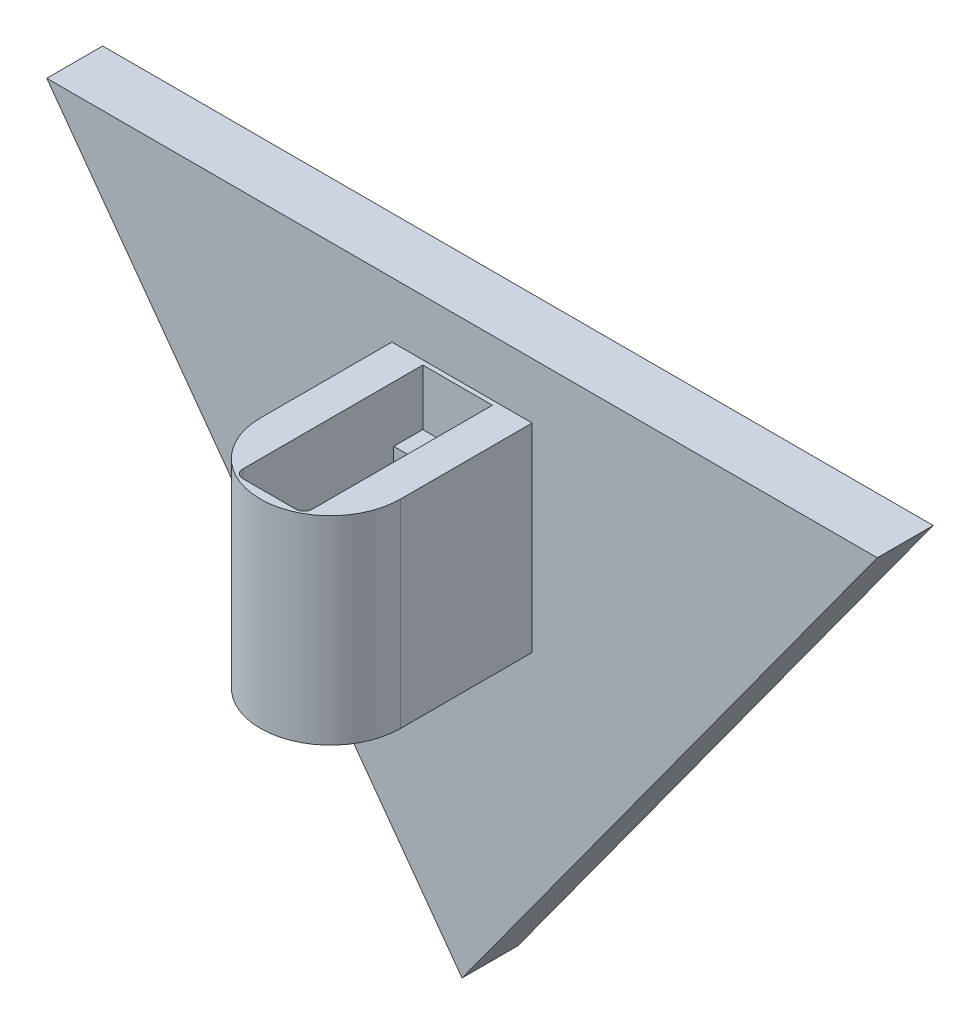
SolidWorks part; units mm, degrees
ref_plane "Front Plane" through (0, 0, 0) normal (0, 0, 1) x (1, 0, 0)
ref_plane "Top Plane" through (0, 0, 0) normal (0, 1, 0) x (1, 0, 0)
ref_plane "Right Plane" through (0, 0, 0) normal (1, 0, 0) x (0, 0, -1)
sketch "Sketch4" plane through (0, 0, 0) normal (0, 0, 1) x (1, 0, 0)
  line L0 (55, 0) -> (-55, 0) construction
  line L1 (-6.23, -9.975) -> (6.23, -9.975)
  line L2 (-6.23, -9.975) -> (-6.23, 7.275)
  line L3 (-6.23, 7.275) -> (6.23, 7.275)
  line L4 (6.23, -9.975) -> (6.23, 7.275)
  point P4 (0, 7.275)
  dimension "D1" = 12.46
  dimension "D2" = 17.25
  dimension "D3" = 9.975
extrude "Boss-Extrude3" add sketch "Sketch4" along normal blind 6
sketch "Sketch8" plane through (0, -9.975, 0) normal (0, -1, 0) x (-1, 0, 0)
  circle A0 centre (0, -23.55) radius 12.5468
  circle A1 centre (0, -23.55) radius 11.15
  dimension "D1" = 22.3
  dimension "D2" = 23.55
extrude "Boss-Extrude6" add sketch "Sketch8" along normal blind 8.3 and the other way up to surface (17.25 mm away) other way up to face at (0, 7.275, 3)
sketch "Sketch5" plane through (0, 7.275, 0) normal (0, 1, 0) x (1, 0, 0)
  line L8 (12.5468, -23.55) -> (12.5468, 0)
  line L9 (12.5468, 0) -> (6.23, 0)
  line L10 (-12.5468, -23.55) -> (-12.5468, 0)
  line L11 (-12.5468, 0) -> (-6.23, 0)
  line L12 (-6.23, 0) -> (-6.23, -29.7)
  line L14 (6.23, -29.7) -> (6.23, 0)
  line L15 (-6.23, -29.7) -> (6.23, -29.7)
  line L16 (6.23, -6) -> (-6.23, -6) construction
  circle A0 centre (0, -23.55) radius 12.5468 construction
  arc A1 (-12.5468, -23.55) -> (12.5468, -23.55) centre (0, -23.55) ccw
  dimension "D1" = 23.7
  dimension "D2" = 23.55
extrude "Boss-Extrude4" add sketch "Sketch5" against normal up to surface (17.25 mm away) up to face at (0, -9.975, 3)
sketch "Sketch6" plane through (0, 7.275, 0) normal (0, 1, 0) x (1, 0, 0)
  line L0 (6.23, -6) -> (-6.23, -6) construction
  line L3 (6.23, -29.7) -> (-6.23, -29.7) construction
  circle A0 centre (0, -3.6) radius 0.75
  circle A1 centre (0, -32.1) radius 0.75
  dimension "D1" = 1.5
  dimension "D3" = 1.5
  dimension "D2" = 2.4
  dimension "D4" = 2.4
extrude "Cut-Extrude1" cut sketch "Sketch6" against normal blind 5
chamfer "Chamfer1" distance 0.5 angle 60 2 edges at (0, 7.275, 4.35) (0, 7.275, 32.85) first distance on face at (0, 7.275, 4.35)
sketch "Sketch10" plane through (0, 7.275, 0) normal (0, 1, 0) x (1, 0, 0)
  line L1 (-6.23, -6) -> (6.23, -6)
  line L2 (-6.23, -6) -> (-6.23, -29.7)
  line L3 (-6.23, -29.7) -> (6.23, -29.7)
  line L4 (6.23, -6) -> (6.23, -29.7)
extrude "Cut-Extrude3" cut sketch "Sketch10" against normal up to surface (17.25 mm away) up to face at (0, -9.975, 10.3399)
ref_plane "Plane1" through (0, 0, 36.0968) normal (0, 0, 1) x (1, 0, 0)
sketch "Sketch13" plane through (0, -18.275, 0) normal (0, -1, 0) x (1, 0, 0)
  line L0 (-12.5468, 23.55) -> (-12.5468, 0)
  line L1 (-12.5468, 0) -> (12.5468, 0)
  line L2 (12.5468, 0) -> (12.5468, 23.55)
  arc A0 (-12.5468, 23.55) -> (12.5468, 23.55) centre (0, 23.55) ccw
  point P3 (0, 0)
extrude "Boss-Extrude7" add sketch "Sketch13" against normal up to surface (8.3 mm away) up to face at (0, -9.975, 10.3399)
sketch "Sketch15" plane through (0, 7.275, 0) normal (0, 1, 0) x (1, 0, 0)
  line L0 (-12.5468, 0) -> (12.5468, 0)
  line L1 (12.5468, 0) -> (12.5468, -23.55)
  line L2 (-12.5468, 0) -> (-12.5468, -23.55)
  line L3 (6.23, -6) -> (6.23, -29.7) construction
  line L4 (-6.23, -0.8) -> (6.23, -0.8)
  line L5 (-6.23, -0.8) -> (-6.23, -33)
  line L6 (-4.73, -34.5) -> (4.73, -34.5)
  line L7 (6.23, -0.8) -> (6.23, -33)
  arc A0 (-12.5468, -23.55) -> (12.5468, -23.55) centre (0, -23.55) ccw
  circle A1 centre (0, -3.6) radius 0.75 construction
  arc A2 (4.73, -34.5) -> (6.23, -33) centre (4.73, -33) ccw
  arc A3 (-6.23, -33) -> (-4.73, -34.5) centre (-4.73, -33) ccw
  point P15 (0, -0.8)
  dimension "D1" = 0.8
  dimension "D3" = 1.5
  dimension "D2" = 2.8
  dimension "D4" = 0
  dimension "D5" = 34.5
extrude "Boss-Extrude9" add sketch "Sketch15" along normal blind 10
sketch "Sketch16" plane through (0, -18.275, 0) normal (0, -1, 0) x (1, 0, 0)
  circle A0 centre (0, 23.55) radius 11.15
  circle A1 centre (0, 23.55) radius 7.2
  circle A2 centre (0, 23.55) radius 11.15 construction
  dimension "D1" = 14.4
extrude "Boss-Extrude10" add sketch "Sketch16" against normal up to surface (8.3 mm away) up to face at (0, -9.975, 27.1007)
sketch "Sketch17" plane through (0, -18.275, 0) normal (0, -1, 0) x (1, 0, 0)
  circle A0 centre (0, 23.55) radius 10.2
  circle A1 centre (0, 23.55) radius 7.2
  circle A2 centre (0, 23.55) radius 7.2 construction
  dimension "D1" = 20.4
extrude "Cut-Extrude5" cut sketch "Sketch17" against normal blind 1.3
sketch "Sketch11" plane through (0, 0, 29.7) normal (0, 0, 1) x (1, 0, 0)
  line L6 (-5, -9.975) -> (5, -9.975)
  line L7 (-5, -9.975) -> (-5, -11.975)
  line L8 (-5, -11.975) -> (5, -11.975)
  line L9 (5, -9.975) -> (5, -11.975)
  dimension "D2" = 2
  dimension "D4" = 10
extrude "Cut-Extrude4" cut sketch "Sketch11" along direction (0, 0, 1) on the side against the normal up to surface (23.7 mm away) up to face at (0, -1.35, 6)
sketch "Sketch19" plane through (0, -18.275, 0) normal (0, -1, 0) x (1, 0, 0)
  line L0 (6.23, 6) -> (6.23, 29.7) construction
  line L1 (-6.23, 6) -> (6.23, 6)
  line L2 (-6.23, 6) -> (-6.23, 11)
  line L3 (-6.23, 11) -> (6.23, 11)
  line L4 (6.23, 6) -> (6.23, 11)
  dimension "D1" = 5
extrude "Cut-Extrude7" cut sketch "Sketch19" against normal up to next
sketch "Sketch1" plane through (0, 0, 0) normal (0, 0, 1) x (1, 0, 0)
  line L0 (0, -75) -> (74.3071, 27.275)
  line L1 (74.3071, 27.275) -> (-74.3071, 27.275)
  line L2 (-74.3071, 27.275) -> (0, -75)
  line L3 (6.23, 17.275) -> (-6.23, 17.275) construction
  line L4 (25.3532, 0) -> (-25.3532, 0) construction
  point P10 (0, 27.275)
  dimension "D2" = 10
  dimension "D1" = 72
  dimension "D3" = 75
extrude "Offset R" add sketch "Sketch1" against normal blind 10 contours L2 L0 L1

[Exercise prompt] Give the listing again, exactly as it appears, but without its images.

[Result of this exercise]
SolidWorks part; units mm, degrees
ref_plane "Front Plane" through (0, 0, 0) normal (0, 0, 1) x (1, 0, 0)
ref_plane "Top Plane" through (0, 0, 0) normal (0, 1, 0) x (1, 0, 0)
ref_plane "Right Plane" through (0, 0, 0) normal (1, 0, 0) x (0, 0, -1)
sketch "Sketch4" plane through (0, 0, 0) normal (0, 0, 1) x (1, 0, 0)
  line L0 (55, 0) -> (-55, 0) construction
  line L1 (-6.23, -9.975) -> (6.23, -9.975)
  line L2 (-6.23, -9.975) -> (-6.23, 7.275)
  line L3 (-6.23, 7.275) -> (6.23, 7.275)
  line L4 (6.23, -9.975) -> (6.23, 7.275)
  point P4 (0, 7.275)
  dimension "D1" = 12.46
  dimension "D2" = 17.25
  dimension "D3" = 9.975
extrude "Boss-Extrude3" add sketch "Sketch4" along normal blind 6
sketch "Sketch8" plane through (0, -9.975, 0) normal (0, -1, 0) x (-1, 0, 0)
  circle A0 centre (0, -23.55) radius 12.5468
  circle A1 centre (0, -23.55) radius 11.15
  dimension "D1" = 22.3
  dimension "D2" = 23.55
extrude "Boss-Extrude6" add sketch "Sketch8" along normal blind 8.3 and the other way up to surface (17.25 mm away) other way up to face at (0, 7.275, 3)
sketch "Sketch5" plane through (0, 7.275, 0) normal (0, 1, 0) x (1, 0, 0)
  line L8 (12.5468, -23.55) -> (12.5468, 0)
  line L9 (12.5468, 0) -> (6.23, 0)
  line L10 (-12.5468, -23.55) -> (-12.5468, 0)
  line L11 (-12.5468, 0) -> (-6.23, 0)
  line L12 (-6.23, 0) -> (-6.23, -29.7)
  line L14 (6.23, -29.7) -> (6.23, 0)
  line L15 (-6.23, -29.7) -> (6.23, -29.7)
  line L16 (6.23, -6) -> (-6.23, -6) construction
  circle A0 centre (0, -23.55) radius 12.5468 construction
  arc A1 (-12.5468, -23.55) -> (12.5468, -23.55) centre (0, -23.55) ccw
  dimension "D1" = 23.7
  dimension "D2" = 23.55
extrude "Boss-Extrude4" add sketch "Sketch5" against normal up to surface (17.25 mm away) up to face at (0, -9.975, 3)
sketch "Sketch6" plane through (0, 7.275, 0) normal (0, 1, 0) x (1, 0, 0)
  line L0 (6.23, -6) -> (-6.23, -6) construction
  line L3 (6.23, -29.7) -> (-6.23, -29.7) construction
  circle A0 centre (0, -3.6) radius 0.75
  circle A1 centre (0, -32.1) radius 0.75
  dimension "D1" = 1.5
  dimension "D3" = 1.5
  dimension "D2" = 2.4
  dimension "D4" = 2.4
extrude "Cut-Extrude1" cut sketch "Sketch6" against normal blind 5
chamfer "Chamfer1" distance 0.5 angle 60 2 edges at (0, 7.275, 4.35) (0, 7.275, 32.85) first distance on face at (0, 7.275, 4.35)
sketch "Sketch10" plane through (0, 7.275, 0) normal (0, 1, 0) x (1, 0, 0)
  line L1 (-6.23, -6) -> (6.23, -6)
  line L2 (-6.23, -6) -> (-6.23, -29.7)
  line L3 (-6.23, -29.7) -> (6.23, -29.7)
  line L4 (6.23, -6) -> (6.23, -29.7)
extrude "Cut-Extrude3" cut sketch "Sketch10" against normal up to surface (17.25 mm away) up to face at (0, -9.975, 10.3399)
ref_plane "Plane1" through (0, 0, 36.0968) normal (0, 0, 1) x (1, 0, 0)
sketch "Sketch13" plane through (0, -18.275, 0) normal (0, -1, 0) x (1, 0, 0)
  line L0 (-12.5468, 23.55) -> (-12.5468, 0)
  line L1 (-12.5468, 0) -> (12.5468, 0)
  line L2 (12.5468, 0) -> (12.5468, 23.55)
  arc A0 (-12.5468, 23.55) -> (12.5468, 23.55) centre (0, 23.55) ccw
  point P3 (0, 0)
extrude "Boss-Extrude7" add sketch "Sketch13" against normal up to surface (8.3 mm away) up to face at (0, -9.975, 10.3399)
sketch "Sketch15" plane through (0, 7.275, 0) normal (0, 1, 0) x (1, 0, 0)
  line L0 (-12.5468, 0) -> (12.5468, 0)
  line L1 (12.5468, 0) -> (12.5468, -23.55)
  line L2 (-12.5468, 0) -> (-12.5468, -23.55)
  line L3 (6.23, -6) -> (6.23, -29.7) construction
  line L4 (-6.23, -0.8) -> (6.23, -0.8)
  line L5 (-6.23, -0.8) -> (-6.23, -33)
  line L6 (-4.73, -34.5) -> (4.73, -34.5)
  line L7 (6.23, -0.8) -> (6.23, -33)
  arc A0 (-12.5468, -23.55) -> (12.5468, -23.55) centre (0, -23.55) ccw
  circle A1 centre (0, -3.6) radius 0.75 construction
  arc A2 (4.73, -34.5) -> (6.23, -33) centre (4.73, -33) ccw
  arc A3 (-6.23, -33) -> (-4.73, -34.5) centre (-4.73, -33) ccw
  point P15 (0, -0.8)
  dimension "D1" = 0.8
  dimension "D3" = 1.5
  dimension "D2" = 2.8
  dimension "D4" = 0
  dimension "D5" = 34.5
extrude "Boss-Extrude9" add sketch "Sketch15" along normal blind 10
sketch "Sketch16" plane through (0, -18.275, 0) normal (0, -1, 0) x (1, 0, 0)
  circle A0 centre (0, 23.55) radius 11.15
  circle A1 centre (0, 23.55) radius 7.2
  circle A2 centre (0, 23.55) radius 11.15 construction
  dimension "D1" = 14.4
extrude "Boss-Extrude10" add sketch "Sketch16" against normal up to surface (8.3 mm away) up to face at (0, -9.975, 27.1007)
sketch "Sketch17" plane through (0, -18.275, 0) normal (0, -1, 0) x (1, 0, 0)
  circle A0 centre (0, 23.55) radius 10.2
  circle A1 centre (0, 23.55) radius 7.2
  circle A2 centre (0, 23.55) radius 7.2 construction
  dimension "D1" = 20.4
extrude "Cut-Extrude5" cut sketch "Sketch17" against normal blind 1.3
sketch "Sketch11" plane through (0, 0, 29.7) normal (0, 0, 1) x (1, 0, 0)
  line L6 (-5, -9.975) -> (5, -9.975)
  line L7 (-5, -9.975) -> (-5, -11.975)
  line L8 (-5, -11.975) -> (5, -11.975)
  line L9 (5, -9.975) -> (5, -11.975)
  dimension "D2" = 2
  dimension "D4" = 10
extrude "Cut-Extrude4" cut sketch "Sketch11" along direction (0, 0, 1) on the side against the normal up to surface (23.7 mm away) up to face at (0, -1.35, 6)
sketch "Sketch19" plane through (0, -18.275, 0) normal (0, -1, 0) x (1, 0, 0)
  line L0 (6.23, 6) -> (6.23, 29.7) construction
  line L1 (-6.23, 6) -> (6.23, 6)
  line L2 (-6.23, 6) -> (-6.23, 11)
  line L3 (-6.23, 11) -> (6.23, 11)
  line L4 (6.23, 6) -> (6.23, 11)
  dimension "D1" = 5
extrude "Cut-Extrude7" cut sketch "Sketch19" against normal up to next
sketch "Sketch1" plane through (0, 0, 0) normal (0, 0, 1) x (1, 0, 0)
  line L0 (0, -75) -> (74.3071, 27.275)
  line L1 (74.3071, 27.275) -> (-74.3071, 27.275)
  line L2 (-74.3071, 27.275) -> (0, -75)
  line L3 (6.23, 17.275) -> (-6.23, 17.275) construction
  line L4 (25.3532, 0) -> (-25.3532, 0) construction
  point P10 (0, 27.275)
  dimension "D2" = 10
  dimension "D1" = 72
  dimension "D3" = 75
extrude "Offset R" add sketch "Sketch1" against normal blind 10 contours L2 L0 L1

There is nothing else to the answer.